▸ THE TASK
Please repeat the lines below exactly. Begin with the line containing "h.set_pattern_fill('ANSI31', color=8, scale=0.8)" and go on through the line containing "155.315), (0, 194.8819)])".

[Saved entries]
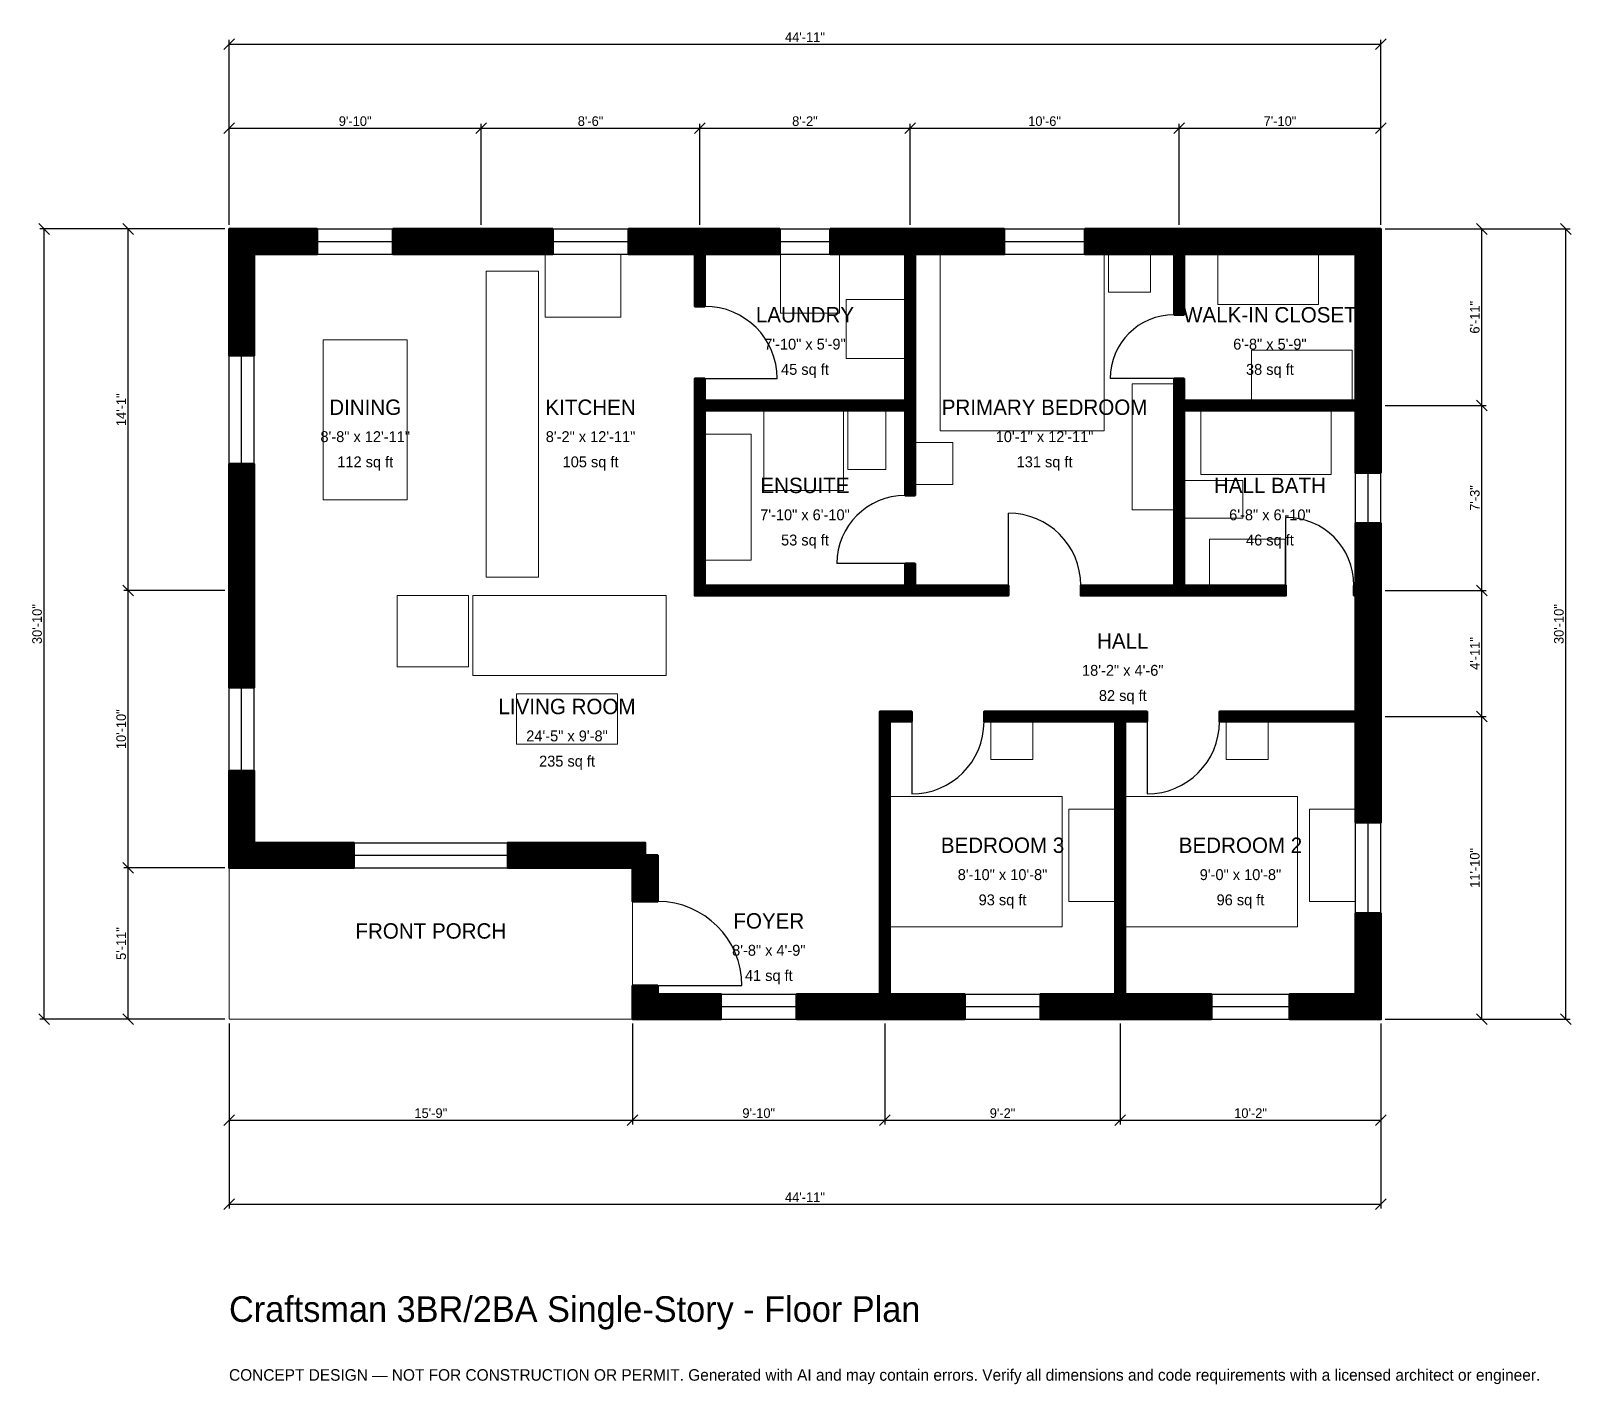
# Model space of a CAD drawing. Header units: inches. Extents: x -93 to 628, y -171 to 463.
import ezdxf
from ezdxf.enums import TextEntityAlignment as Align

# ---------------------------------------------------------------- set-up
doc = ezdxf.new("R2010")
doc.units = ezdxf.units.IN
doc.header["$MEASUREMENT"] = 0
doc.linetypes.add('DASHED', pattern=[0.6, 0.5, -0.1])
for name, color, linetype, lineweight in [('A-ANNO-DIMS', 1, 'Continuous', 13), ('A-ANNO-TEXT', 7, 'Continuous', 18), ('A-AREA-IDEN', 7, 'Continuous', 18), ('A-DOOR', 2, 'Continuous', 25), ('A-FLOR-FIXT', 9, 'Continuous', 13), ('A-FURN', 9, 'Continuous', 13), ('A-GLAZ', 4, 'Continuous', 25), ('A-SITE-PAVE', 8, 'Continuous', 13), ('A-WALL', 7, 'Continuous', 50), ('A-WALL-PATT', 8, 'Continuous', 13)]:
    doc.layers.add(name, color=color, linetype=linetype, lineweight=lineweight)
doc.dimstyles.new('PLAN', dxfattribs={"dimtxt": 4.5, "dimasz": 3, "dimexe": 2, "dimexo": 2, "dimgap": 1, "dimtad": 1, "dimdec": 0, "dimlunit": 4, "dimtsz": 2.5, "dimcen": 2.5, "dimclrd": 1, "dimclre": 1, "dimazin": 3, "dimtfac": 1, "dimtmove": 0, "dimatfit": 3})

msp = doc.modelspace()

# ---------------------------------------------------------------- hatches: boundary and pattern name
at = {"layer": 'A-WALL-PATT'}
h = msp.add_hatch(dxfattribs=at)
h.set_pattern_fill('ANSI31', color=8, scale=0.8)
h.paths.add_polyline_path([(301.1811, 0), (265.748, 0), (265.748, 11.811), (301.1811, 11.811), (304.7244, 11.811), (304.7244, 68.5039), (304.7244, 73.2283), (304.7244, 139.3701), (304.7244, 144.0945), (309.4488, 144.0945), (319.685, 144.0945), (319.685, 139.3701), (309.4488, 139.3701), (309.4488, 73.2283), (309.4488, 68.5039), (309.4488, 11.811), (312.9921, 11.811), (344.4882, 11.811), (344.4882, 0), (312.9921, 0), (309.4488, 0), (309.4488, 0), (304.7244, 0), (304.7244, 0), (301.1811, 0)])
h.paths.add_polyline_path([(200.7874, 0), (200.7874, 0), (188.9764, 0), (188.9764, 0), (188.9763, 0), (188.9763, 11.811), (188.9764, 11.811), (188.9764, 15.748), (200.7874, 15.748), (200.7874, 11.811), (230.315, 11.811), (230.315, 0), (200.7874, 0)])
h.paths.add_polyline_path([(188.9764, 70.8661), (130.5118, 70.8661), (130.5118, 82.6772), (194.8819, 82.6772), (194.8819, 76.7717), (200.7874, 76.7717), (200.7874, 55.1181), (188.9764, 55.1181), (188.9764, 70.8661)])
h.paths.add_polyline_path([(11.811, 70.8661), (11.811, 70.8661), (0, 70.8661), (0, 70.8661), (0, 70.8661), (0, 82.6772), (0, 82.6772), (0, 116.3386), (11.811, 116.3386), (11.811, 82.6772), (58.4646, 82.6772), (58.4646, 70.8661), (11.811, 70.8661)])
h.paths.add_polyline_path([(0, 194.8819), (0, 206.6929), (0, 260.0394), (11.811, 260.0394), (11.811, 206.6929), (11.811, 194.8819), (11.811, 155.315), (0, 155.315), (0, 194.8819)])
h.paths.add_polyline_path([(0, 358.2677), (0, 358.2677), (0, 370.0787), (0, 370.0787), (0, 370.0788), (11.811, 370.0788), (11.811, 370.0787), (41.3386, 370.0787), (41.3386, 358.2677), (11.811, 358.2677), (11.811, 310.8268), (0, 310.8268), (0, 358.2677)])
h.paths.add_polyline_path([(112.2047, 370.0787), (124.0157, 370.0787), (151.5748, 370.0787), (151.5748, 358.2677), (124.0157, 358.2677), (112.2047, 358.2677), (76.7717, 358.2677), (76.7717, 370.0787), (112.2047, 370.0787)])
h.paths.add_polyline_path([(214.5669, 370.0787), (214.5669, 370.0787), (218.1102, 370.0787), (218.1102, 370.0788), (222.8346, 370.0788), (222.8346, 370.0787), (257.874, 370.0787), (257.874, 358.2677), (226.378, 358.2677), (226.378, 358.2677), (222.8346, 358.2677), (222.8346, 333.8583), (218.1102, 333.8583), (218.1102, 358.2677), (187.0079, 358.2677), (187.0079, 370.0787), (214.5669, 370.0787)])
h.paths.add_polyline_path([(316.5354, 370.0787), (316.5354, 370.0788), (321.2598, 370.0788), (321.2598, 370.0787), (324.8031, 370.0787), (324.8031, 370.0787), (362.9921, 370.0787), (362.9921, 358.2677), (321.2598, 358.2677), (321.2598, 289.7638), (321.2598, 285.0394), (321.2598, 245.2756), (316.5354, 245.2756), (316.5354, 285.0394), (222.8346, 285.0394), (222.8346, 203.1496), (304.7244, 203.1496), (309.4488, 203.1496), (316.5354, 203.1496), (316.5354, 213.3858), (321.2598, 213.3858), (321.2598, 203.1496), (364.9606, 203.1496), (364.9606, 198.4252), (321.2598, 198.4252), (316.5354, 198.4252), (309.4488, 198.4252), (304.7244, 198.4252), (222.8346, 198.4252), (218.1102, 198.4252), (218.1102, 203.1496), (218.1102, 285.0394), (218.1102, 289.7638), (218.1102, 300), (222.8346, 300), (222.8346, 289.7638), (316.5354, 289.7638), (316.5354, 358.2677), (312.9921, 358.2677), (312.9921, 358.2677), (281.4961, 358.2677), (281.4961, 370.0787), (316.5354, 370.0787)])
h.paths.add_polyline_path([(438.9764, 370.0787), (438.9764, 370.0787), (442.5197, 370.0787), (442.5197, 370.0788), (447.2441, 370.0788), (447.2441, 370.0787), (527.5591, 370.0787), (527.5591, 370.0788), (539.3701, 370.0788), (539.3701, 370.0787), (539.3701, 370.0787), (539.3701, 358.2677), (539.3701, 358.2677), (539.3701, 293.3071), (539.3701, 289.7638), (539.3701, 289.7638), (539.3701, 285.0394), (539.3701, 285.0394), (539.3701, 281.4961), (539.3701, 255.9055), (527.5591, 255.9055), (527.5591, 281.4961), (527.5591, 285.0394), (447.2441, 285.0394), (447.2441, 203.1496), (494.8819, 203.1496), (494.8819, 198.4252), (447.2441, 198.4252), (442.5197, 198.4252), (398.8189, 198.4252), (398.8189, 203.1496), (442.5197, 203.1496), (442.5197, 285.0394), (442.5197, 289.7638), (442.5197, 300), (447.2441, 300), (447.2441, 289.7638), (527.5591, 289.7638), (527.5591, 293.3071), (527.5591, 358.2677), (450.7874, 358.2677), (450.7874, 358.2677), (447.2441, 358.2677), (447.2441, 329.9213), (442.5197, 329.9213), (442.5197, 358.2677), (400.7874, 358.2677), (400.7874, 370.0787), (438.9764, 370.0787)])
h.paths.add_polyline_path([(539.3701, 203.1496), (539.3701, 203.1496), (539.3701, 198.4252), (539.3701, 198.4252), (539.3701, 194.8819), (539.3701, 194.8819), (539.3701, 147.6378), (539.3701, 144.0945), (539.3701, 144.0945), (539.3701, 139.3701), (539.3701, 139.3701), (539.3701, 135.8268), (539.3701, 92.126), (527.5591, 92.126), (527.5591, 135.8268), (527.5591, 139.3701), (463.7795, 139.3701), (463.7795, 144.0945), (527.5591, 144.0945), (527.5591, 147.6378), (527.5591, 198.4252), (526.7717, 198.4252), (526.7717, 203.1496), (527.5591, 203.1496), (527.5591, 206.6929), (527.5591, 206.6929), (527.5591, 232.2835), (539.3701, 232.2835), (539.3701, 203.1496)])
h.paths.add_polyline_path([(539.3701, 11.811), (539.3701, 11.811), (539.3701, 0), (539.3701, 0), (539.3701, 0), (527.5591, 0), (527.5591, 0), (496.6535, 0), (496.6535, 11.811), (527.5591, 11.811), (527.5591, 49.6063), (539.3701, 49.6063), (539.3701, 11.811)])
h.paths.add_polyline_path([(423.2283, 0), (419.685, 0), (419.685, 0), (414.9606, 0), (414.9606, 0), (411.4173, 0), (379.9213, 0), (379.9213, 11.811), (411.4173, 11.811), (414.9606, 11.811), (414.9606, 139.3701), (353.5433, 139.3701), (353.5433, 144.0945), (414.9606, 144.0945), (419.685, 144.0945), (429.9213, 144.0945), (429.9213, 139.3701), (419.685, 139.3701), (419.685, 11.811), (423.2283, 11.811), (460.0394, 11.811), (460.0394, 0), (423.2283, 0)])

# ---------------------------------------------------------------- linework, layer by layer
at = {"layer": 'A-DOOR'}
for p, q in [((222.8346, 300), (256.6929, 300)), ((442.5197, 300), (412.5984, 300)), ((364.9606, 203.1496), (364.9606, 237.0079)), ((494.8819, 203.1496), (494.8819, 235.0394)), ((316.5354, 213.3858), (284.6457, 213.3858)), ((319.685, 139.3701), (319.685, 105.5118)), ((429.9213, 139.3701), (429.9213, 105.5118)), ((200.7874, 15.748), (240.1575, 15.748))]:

▸ WORKED SOLUTION
h.set_pattern_fill('ANSI31', color=8, scale=0.8)
h.paths.add_polyline_path([(301.1811, 0), (265.748, 0), (265.748, 11.811), (301.1811, 11.811), (304.7244, 11.811), (304.7244, 68.5039), (304.7244, 73.2283), (304.7244, 139.3701), (304.7244, 144.0945), (309.4488, 144.0945), (319.685, 144.0945), (319.685, 139.3701), (309.4488, 139.3701), (309.4488, 73.2283), (309.4488, 68.5039), (309.4488, 11.811), (312.9921, 11.811), (344.4882, 11.811), (344.4882, 0), (312.9921, 0), (309.4488, 0), (309.4488, 0), (304.7244, 0), (304.7244, 0), (301.1811, 0)])
h.paths.add_polyline_path([(200.7874, 0), (200.7874, 0), (188.9764, 0), (188.9764, 0), (188.9763, 0), (188.9763, 11.811), (188.9764, 11.811), (188.9764, 15.748), (200.7874, 15.748), (200.7874, 11.811), (230.315, 11.811), (230.315, 0), (200.7874, 0)])
h.paths.add_polyline_path([(188.9764, 70.8661), (130.5118, 70.8661), (130.5118, 82.6772), (194.8819, 82.6772), (194.8819, 76.7717), (200.7874, 76.7717), (200.7874, 55.1181), (188.9764, 55.1181), (188.9764, 70.8661)])
h.paths.add_polyline_path([(11.811, 70.8661), (11.811, 70.8661), (0, 70.8661), (0, 70.8661), (0, 70.8661), (0, 82.6772), (0, 82.6772), (0, 116.3386), (11.811, 116.3386), (11.811, 82.6772), (58.4646, 82.6772), (58.4646, 70.8661), (11.811, 70.8661)])
h.paths.add_polyline_path([(0, 194.8819), (0, 206.6929), (0, 260.0394), (11.811, 260.0394), (11.811, 206.6929), (11.811, 194.8819), (11.811, 155.315), (0, 155.315), (0, 194.8819)])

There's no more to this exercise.